We agree with the referee and the suggested experiment was performed. Corroborating our flow cytometry analyses, immunofluorescence analyses of CX3CR1⁺/Iba1⁺ macrophages in the DRGs from Cx3Cr1^GFP/GFP mice, 7 days after injury revealed a reduction compared to DRGs from Cx3Cr1^GFP/+. We also analysed Ki67⁺macrophages in the DRGs from Cx3cr1^GFP/GFP mice, 3 days after SNI, which was also reduced compared to what we have obtained in the DRGs from Cx3cr1^GFP/+ mice. Please see new figures 7 and Figure 7—figure supplement 6.

– In Figure 7, CD11b+CX3CR+ macrophages were compared to CD45neg cells. What about all other CD45+ and CD11b+CX3CR1- cells? One would expect that those could also produce proinflammatory cytokines. In order to be able to conclude that it is only the resident macrophages, the authors have to sort the other cell populations and compare their expression as well. The authors should also show if there is any infiltration by granulocytes after injury, with regard to their discussion of the results.

Thank you for the comment. In fact, CX3CR1+ macrophages correspond to more than 90% of leukocytes in the DRGs (in homeostasis and also after injury). So even if there is some other population of CD45⁺ cells in this tissue, this would be negligible compared to the macrophage population. Even these remaining cells (some are neutrophils) are possible contamination with leptomeninges that are attached to the harvested DRGs. Several times we tried to stain neutrophils in the parenchyma of the DRG and we never observed any staining with different markers. On the other hand, when we perform flow cytometry, we can observe that there is a population of CD11b⁺Ly6G⁺ cells (see new figure 1E), although this neutrophil population did not increase after injury and may be a remaining cells present in the meninges that surround the DRGs. Furthermore, the lack of increase in Ms4a3-tdTomato⁺ cells in the DRGs after SNI (see new figure 5), further supports the hypothesis that neutrophils did not infiltrate the DRGs after SNI.

Reviewer #2 (Recommendations for the authors):

In Figures5, 6, and 7, the meaning of the number sign (#) is not defined. It would also be helpful if the comparisons being indicated by an asterisk would be defined when there are more than two groups.

We agree with the referee. These suggestions were incorporated into the new version of the manuscript. Please see new figures.

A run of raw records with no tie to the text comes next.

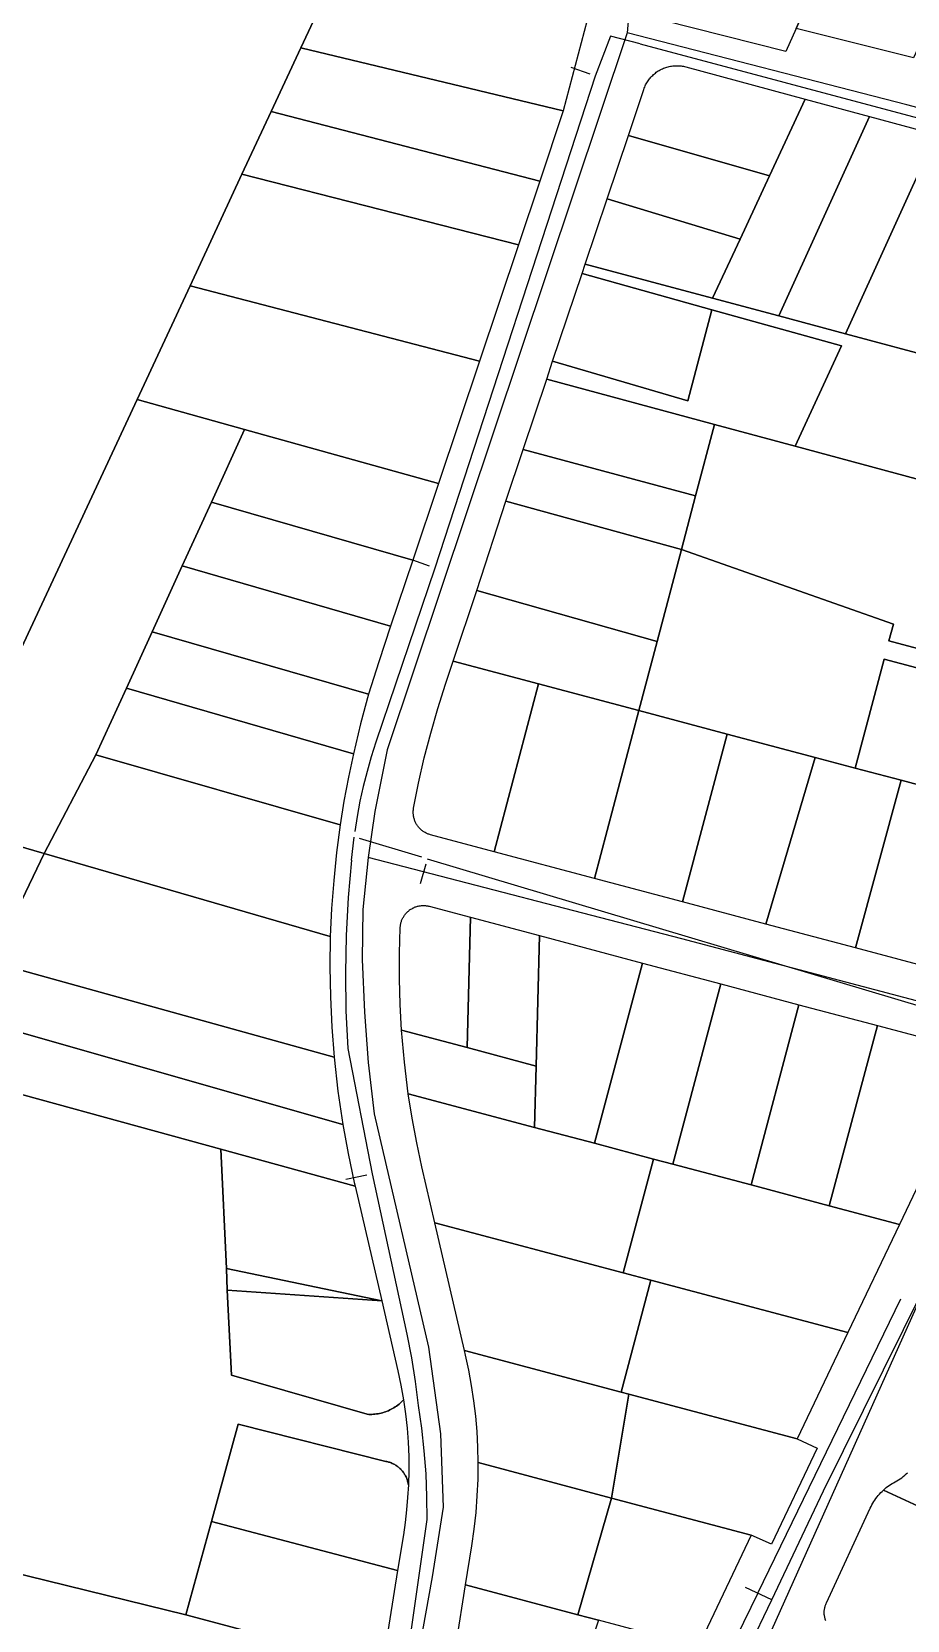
# Model space of a CAD drawing. Extents: x 1876309 to 1899261, y 443723 to 466661.
# Drawn here: x 1880661 to 1881417, y 453279 to 454651 of the extents above; entities that cross this region are included whole.
import ezdxf

# ---------------------------------------------------------------- set-up
doc = ezdxf.new("R2010")
doc.units = 0
doc.header["$MEASUREMENT"] = 0
for name, color, linetype in [('Parcels', 31, 'Continuous'), ('Roads', 7, 'Continuous'), ('Waterlines', 5, 'Continuous')]:
    doc.layers.add(name, color=color, linetype=linetype)

msp = doc.modelspace()

# ---------------------------------------------------------------- linework, layer by layer
at = {"layer": 'Parcels'}
for points in [[(1880636.2, 455411.4), (1880676.6, 455421.5), (1881000, 455501.3), (1881164.3, 455540.4), (1881223.5, 455414.4), (1881216.3, 455347.7), (1881161.3, 455232.6), (1881097.3, 455248.8), (1881094.2, 455213.5), (1881085.7, 455152.5), (1881076.6, 455086.3), (1881068.4, 455027.7), (1881046.8, 454979.1), (1881022.4, 454925.1), (1880999.8, 454874.9), (1880978.5, 454819.7), (1880936.7, 454730), (1880893.4, 454637), (1880867.7, 454582), (1880842.5, 454527.8), (1880797.6, 454431.5), (1880751.9, 454333.4), (1880581.3, 453967.4)], [(1881470.7, 453746.9), (1881410.5, 453620.7), (1881410.5, 453620.7), (1881349.9, 453636.8), (1881391.4, 453792.6), (1881457.8, 453774.9)], [(1880580.7, 453752.6), (1880824.2, 453685.6), (1880829, 453582.5), (1880829, 453582.5), (1880829.8, 453563.8), (1880833.3, 453490.5), (1880950.7, 453456.7), (1880952.1, 453456.6), (1880953.4, 453456.6), (1880954.7, 453456.6), (1880956.1, 453456.7), (1880957.4, 453456.8), (1880958.8, 453457), (1880960.1, 453457.2), (1880961.4, 453457.4), (1880962.7, 453457.7), (1880964, 453458), (1880965.3, 453458.4), (1880966.6, 453458.9), (1880967.8, 453459.3), (1880969.1, 453459.8), (1880970.3, 453460.4), (1880971.5, 453461), (1880972.6, 453461.7), (1880973.8, 453462.3), (1880974.9, 453463.1), (1880976, 453463.8), (1880977.1, 453464.6), (1880978.2, 453465.5), (1880979.2, 453466.3), (1880980.2, 453467.3), (1880981.1, 453468.2), (1880982, 453469.2), (1880983.8, 453457), (1880985.1, 453444.8), (1880986, 453432.5), (1880986.5, 453420.3), (1880986.6, 453408), (1880986.3, 453395.7), (1880986.1, 453396.5), (1880986, 453397.3), (1880985.8, 453398.1), (1880985.6, 453398.9), (1880985.4, 453399.6), (1880985.1, 453400.4), (1880984.8, 453401.2), (1880984.5, 453401.9), (1880984.2, 453402.7), (1880983.8, 453403.4), (1880983.5, 453404.1), (1880983, 453404.8), (1880982.6, 453405.5), (1880982.2, 453406.2), (1880981.7, 453406.8), (1880981.2, 453407.5), (1880980.7, 453408.1), (1880980.1, 453408.7), (1880979.6, 453409.3), (1880979, 453409.9), (1880978.4, 453410.4), (1880977.7, 453410.9), (1880977.1, 453411.4), (1880976.5, 453411.9), (1880975.8, 453412.4), (1880975.1, 453412.8), (1880974.4, 453413.2), (1880973.7, 453413.6), (1880973, 453414), (1880972.2, 453414.3), (1880971.5, 453414.6), (1880970.7, 453414.9), (1880969.9, 453415.2), (1880969.2, 453415.4), (1880968.4, 453415.6), (1880967.6, 453415.8), (1880966.8, 453415.9), (1880839.3, 453448.2), (1880816.2, 453364.2), (1880794, 453283.3), (1880605.1, 453329.8)], [(1881482.7, 453351.5), (1881396.8, 453391.2), (1881396.8, 453391.2), (1881397.9, 453392.3), (1881399.1, 453393.3), (1881400.3, 453394.2), (1881401.6, 453395.1), (1881402.8, 453396), (1881404.1, 453396.8), (1881405.4, 453397.6), (1881406.8, 453398.4), (1881408.2, 453399.2), (1881409.7, 453400), (1881411.1, 453401), (1881412.5, 453401.9), (1881413.8, 453402.9), (1881415.1, 453404), (1881416.4, 453405.1), (1881417.6, 453406.2)], [(1881346.9, 453278.3), (1881346.6, 453278.9), (1881346.4, 453279.6), (1881346.2, 453280.2), (1881346.1, 453280.9), (1881345.9, 453281.6), (1881345.8, 453282.3), (1881345.7, 453283), (1881345.6, 453283.6), (1881345.6, 453284.3), (1881345.6, 453285), (1881345.6, 453285.7), (1881345.6, 453286.4), (1881345.6, 453287.1), (1881345.7, 453287.8), (1881345.8, 453288.5), (1881345.9, 453289.2), (1881346, 453289.8), (1881346.2, 453290.5), (1881346.4, 453291.2), (1881346.6, 453291.8), (1881346.8, 453292.5), (1881347.1, 453293.1), (1881347.4, 453293.8), (1881385.3, 453375.5), (1881386, 453377), (1881386.7, 453378.4), (1881387.5, 453379.8), (1881388.4, 453381.2), (1881389.3, 453382.6), (1881390.2, 453383.9), (1881391.2, 453385.3), (1881392.2, 453386.5), (1881393.3, 453387.8), (1881394.4, 453389), (1881395.6, 453390.1), (1881396.8, 453391.2), (1881482.7, 453351.5)]]:
    msp.add_lwpolyline(points, dxfattribs=at)
for points in [[(1881220.8, 454808.9), (1881367.1, 454769.3), (1881396.2, 454831), (1881434.7, 454821.2), (1881504.5, 454803.4), (1881422.6, 454628.3), (1881321.2, 454653.8), (1881369.7, 454761.9), (1881220.1, 454801.7), (1881220.8, 454808.9)], [(1881321.2, 454653.8), (1881312.3, 454633.8), (1881206.3, 454660.8), (1881220.1, 454801.7), (1881369.7, 454761.9), (1881321.2, 454653.8)], [(1880893.4, 454637), (1880936.7, 454730), (1881146, 454680.8), (1881120.1, 454582.7), (1880893.4, 454637)], [(1880893.4, 454637), (1881120.1, 454582.7), (1881099.7, 454522), (1880867.7, 454582), (1880893.4, 454637)], [(1881176.3, 454561.3), (1881189.6, 454601.2), (1881190, 454602.2), (1881190.4, 454603.1), (1881190.8, 454604.1), (1881191.2, 454605), (1881191.7, 454605.9), (1881192.2, 454606.8), (1881192.7, 454607.7), (1881193.3, 454608.5), (1881193.9, 454609.4), (1881194.5, 454610.2), (1881195.2, 454611), (1881195.8, 454611.8), (1881196.6, 454612.5), (1881197.3, 454613.3), (1881198, 454614), (1881198.8, 454614.6), (1881199.6, 454615.3), (1881200.4, 454615.9), (1881201.3, 454616.5), (1881202.1, 454617.1), (1881203, 454617.6), (1881203.9, 454618.1), (1881204.8, 454618.6), (1881205.8, 454619), (1881206.7, 454619.4), (1881207.7, 454619.8), (1881208.7, 454620.1), (1881209.6, 454620.4), (1881210.6, 454620.7), (1881211.6, 454620.9), (1881212.6, 454621.1), (1881213.7, 454621.3), (1881214.7, 454621.5), (1881215.7, 454621.6), (1881216.7, 454621.6), (1881217.8, 454621.6), (1881218.8, 454621.6), (1881219.8, 454621.6), (1881220.9, 454621.5), (1881221.9, 454621.4), (1881222.9, 454621.3), (1881223.9, 454621.1), (1881224.9, 454620.9), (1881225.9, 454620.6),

In most of the figure legends, it is stated that "Error bars show the mean +/- S.E.M." Don't the error bars actually just show the S.E.M.?

We corrected the legends in the new version of the manuscript.

A few of the references seem out of place. Does Wang et al. 2020 show repair or neuropathic pain?

We have checked the citations through the new version of the manuscript.